— INFORMATION SUPPLIED —
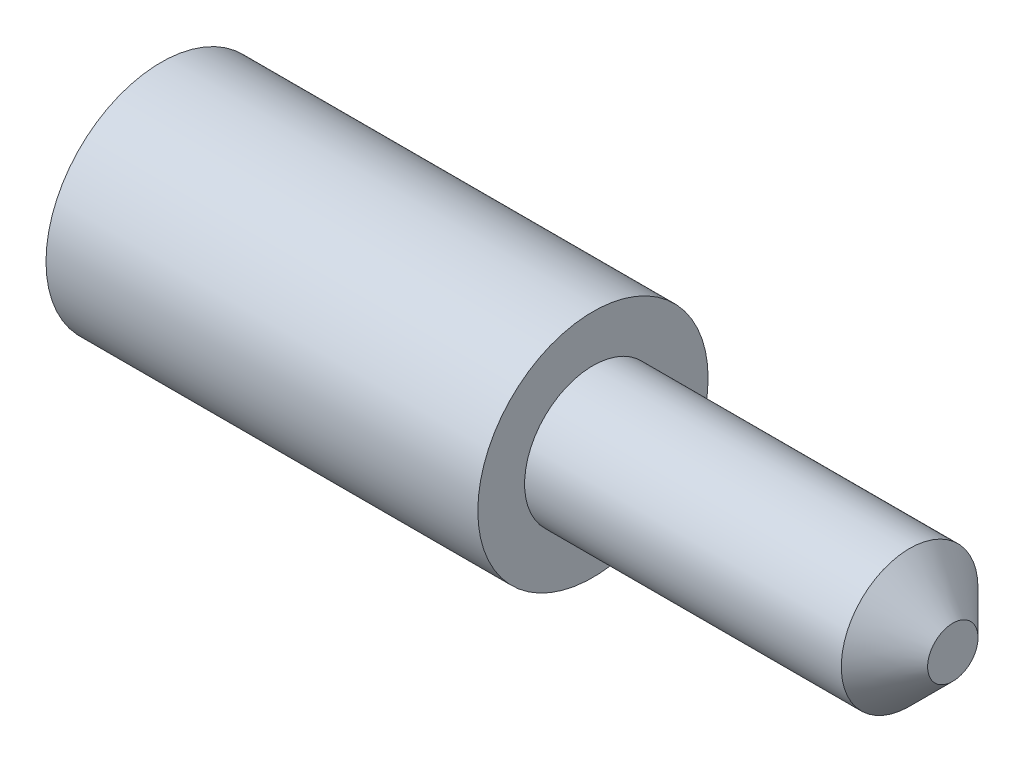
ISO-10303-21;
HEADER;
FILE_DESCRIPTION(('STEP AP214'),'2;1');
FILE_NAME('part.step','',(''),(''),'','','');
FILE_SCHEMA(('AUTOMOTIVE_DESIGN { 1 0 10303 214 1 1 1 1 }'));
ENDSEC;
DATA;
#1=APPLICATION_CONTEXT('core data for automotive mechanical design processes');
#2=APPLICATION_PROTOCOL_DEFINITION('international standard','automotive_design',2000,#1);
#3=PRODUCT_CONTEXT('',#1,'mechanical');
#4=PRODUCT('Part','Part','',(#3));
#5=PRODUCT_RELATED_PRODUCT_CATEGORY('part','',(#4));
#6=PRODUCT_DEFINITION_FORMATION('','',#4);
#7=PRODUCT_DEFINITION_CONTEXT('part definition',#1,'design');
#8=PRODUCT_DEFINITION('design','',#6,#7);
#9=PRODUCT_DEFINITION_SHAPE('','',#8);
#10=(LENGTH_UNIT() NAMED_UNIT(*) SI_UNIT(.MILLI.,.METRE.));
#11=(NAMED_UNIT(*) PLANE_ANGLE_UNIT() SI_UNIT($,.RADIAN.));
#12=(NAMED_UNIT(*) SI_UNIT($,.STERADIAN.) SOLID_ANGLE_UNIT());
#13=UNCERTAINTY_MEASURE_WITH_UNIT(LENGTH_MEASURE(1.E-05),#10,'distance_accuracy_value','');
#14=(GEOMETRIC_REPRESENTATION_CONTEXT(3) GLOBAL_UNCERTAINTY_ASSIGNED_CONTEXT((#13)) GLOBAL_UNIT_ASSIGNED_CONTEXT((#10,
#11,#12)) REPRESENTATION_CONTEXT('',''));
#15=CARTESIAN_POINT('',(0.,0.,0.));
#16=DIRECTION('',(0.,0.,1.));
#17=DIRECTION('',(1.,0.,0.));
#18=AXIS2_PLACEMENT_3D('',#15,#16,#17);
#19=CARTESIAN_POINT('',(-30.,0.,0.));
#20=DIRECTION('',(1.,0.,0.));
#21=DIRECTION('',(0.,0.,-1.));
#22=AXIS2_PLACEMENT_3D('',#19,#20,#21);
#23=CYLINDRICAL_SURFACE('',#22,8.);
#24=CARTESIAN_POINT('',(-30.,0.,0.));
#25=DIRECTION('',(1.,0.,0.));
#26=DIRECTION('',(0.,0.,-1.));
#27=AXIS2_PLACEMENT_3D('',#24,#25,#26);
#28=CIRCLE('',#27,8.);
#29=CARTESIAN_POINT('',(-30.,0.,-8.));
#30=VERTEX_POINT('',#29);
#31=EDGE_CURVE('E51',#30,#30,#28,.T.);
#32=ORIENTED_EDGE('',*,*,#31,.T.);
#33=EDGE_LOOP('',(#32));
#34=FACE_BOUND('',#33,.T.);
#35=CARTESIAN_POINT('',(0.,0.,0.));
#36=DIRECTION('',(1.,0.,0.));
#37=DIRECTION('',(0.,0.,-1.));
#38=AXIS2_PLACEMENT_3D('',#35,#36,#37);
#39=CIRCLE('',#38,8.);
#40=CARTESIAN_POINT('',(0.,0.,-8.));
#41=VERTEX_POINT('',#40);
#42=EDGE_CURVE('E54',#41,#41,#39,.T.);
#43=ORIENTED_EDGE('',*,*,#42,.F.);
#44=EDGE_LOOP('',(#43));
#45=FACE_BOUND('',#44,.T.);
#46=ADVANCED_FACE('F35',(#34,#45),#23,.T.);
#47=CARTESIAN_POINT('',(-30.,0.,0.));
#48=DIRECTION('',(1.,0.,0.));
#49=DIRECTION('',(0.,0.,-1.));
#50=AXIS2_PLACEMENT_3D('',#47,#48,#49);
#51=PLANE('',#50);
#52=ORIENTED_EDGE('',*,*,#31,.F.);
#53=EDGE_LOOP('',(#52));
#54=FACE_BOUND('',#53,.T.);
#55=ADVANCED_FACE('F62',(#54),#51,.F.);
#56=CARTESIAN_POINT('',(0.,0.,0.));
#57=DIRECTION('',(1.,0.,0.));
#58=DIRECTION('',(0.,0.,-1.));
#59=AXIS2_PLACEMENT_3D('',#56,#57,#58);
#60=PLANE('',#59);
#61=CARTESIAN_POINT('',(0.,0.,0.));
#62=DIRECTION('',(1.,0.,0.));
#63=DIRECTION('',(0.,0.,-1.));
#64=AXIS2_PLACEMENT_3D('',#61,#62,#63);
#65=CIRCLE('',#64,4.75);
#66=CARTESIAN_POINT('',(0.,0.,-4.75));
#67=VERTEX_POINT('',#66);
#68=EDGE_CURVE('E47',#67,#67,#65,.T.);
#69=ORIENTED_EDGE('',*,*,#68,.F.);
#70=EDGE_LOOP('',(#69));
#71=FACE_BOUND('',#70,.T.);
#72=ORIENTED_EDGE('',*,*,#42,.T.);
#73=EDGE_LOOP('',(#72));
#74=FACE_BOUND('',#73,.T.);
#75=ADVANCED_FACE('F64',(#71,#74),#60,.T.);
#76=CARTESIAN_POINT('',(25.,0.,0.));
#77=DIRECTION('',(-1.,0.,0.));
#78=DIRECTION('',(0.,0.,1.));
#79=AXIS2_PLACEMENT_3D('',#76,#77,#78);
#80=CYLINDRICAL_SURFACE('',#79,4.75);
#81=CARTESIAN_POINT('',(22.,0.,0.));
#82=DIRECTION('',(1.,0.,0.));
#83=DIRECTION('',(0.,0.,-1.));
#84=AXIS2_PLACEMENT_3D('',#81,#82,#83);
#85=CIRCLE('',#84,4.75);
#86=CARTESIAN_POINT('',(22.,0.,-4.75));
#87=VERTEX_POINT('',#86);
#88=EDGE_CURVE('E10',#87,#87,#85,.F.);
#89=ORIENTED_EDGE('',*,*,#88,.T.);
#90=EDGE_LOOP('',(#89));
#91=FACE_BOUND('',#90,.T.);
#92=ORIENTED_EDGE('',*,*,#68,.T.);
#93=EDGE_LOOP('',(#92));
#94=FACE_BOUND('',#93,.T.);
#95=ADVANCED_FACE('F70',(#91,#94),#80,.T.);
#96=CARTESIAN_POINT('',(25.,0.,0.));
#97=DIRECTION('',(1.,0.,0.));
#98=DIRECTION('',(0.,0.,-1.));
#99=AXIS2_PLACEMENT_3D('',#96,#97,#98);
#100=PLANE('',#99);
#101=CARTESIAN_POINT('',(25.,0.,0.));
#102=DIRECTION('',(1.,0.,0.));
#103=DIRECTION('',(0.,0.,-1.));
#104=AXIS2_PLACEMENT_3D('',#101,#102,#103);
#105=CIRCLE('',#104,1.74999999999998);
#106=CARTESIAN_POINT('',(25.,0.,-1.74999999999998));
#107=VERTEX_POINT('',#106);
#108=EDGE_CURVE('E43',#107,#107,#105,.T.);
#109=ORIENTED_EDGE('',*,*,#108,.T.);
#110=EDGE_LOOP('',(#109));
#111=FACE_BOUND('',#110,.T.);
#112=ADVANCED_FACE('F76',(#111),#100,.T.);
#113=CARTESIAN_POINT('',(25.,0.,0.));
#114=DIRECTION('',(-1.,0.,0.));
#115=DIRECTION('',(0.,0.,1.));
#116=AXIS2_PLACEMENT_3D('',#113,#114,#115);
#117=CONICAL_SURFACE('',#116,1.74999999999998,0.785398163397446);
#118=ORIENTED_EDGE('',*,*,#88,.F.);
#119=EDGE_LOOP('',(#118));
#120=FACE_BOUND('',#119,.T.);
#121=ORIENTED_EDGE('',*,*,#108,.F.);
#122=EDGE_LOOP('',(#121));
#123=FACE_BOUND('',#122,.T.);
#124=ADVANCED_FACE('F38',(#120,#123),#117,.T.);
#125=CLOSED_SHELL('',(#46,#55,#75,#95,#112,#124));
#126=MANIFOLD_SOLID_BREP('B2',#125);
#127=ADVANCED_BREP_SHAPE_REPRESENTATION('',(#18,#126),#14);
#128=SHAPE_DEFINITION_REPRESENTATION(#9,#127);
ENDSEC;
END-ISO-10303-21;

— EXERCISE REQUIREMENTS —
Your answer should be the lines from the opening of the records through the line with "#11=(NAMED_UNIT(*) PLANE_ANGLE_UNIT() SI_UNIT($,.RADIAN.));", both ends retyped exactly and pictures left out.

— PROBLEM SOLUTION —
ISO-10303-21;
HEADER;
FILE_DESCRIPTION(('STEP AP214'),'2;1');
FILE_NAME('part.step','',(''),(''),'','','');
FILE_SCHEMA(('AUTOMOTIVE_DESIGN { 1 0 10303 214 1 1 1 1 }'));
ENDSEC;
DATA;
#1=APPLICATION_CONTEXT('core data for automotive mechanical design processes');
#2=APPLICATION_PROTOCOL_DEFINITION('international standard','automotive_design',2000,#1);
#3=PRODUCT_CONTEXT('',#1,'mechanical');
#4=PRODUCT('Part','Part','',(#3));
#5=PRODUCT_RELATED_PRODUCT_CATEGORY('part','',(#4));
#6=PRODUCT_DEFINITION_FORMATION('','',#4);
#7=PRODUCT_DEFINITION_CONTEXT('part definition',#1,'design');
#8=PRODUCT_DEFINITION('design','',#6,#7);
#9=PRODUCT_DEFINITION_SHAPE('','',#8);
#10=(LENGTH_UNIT() NAMED_UNIT(*) SI_UNIT(.MILLI.,.METRE.));
#11=(NAMED_UNIT(*) PLANE_ANGLE_UNIT() SI_UNIT($,.RADIAN.));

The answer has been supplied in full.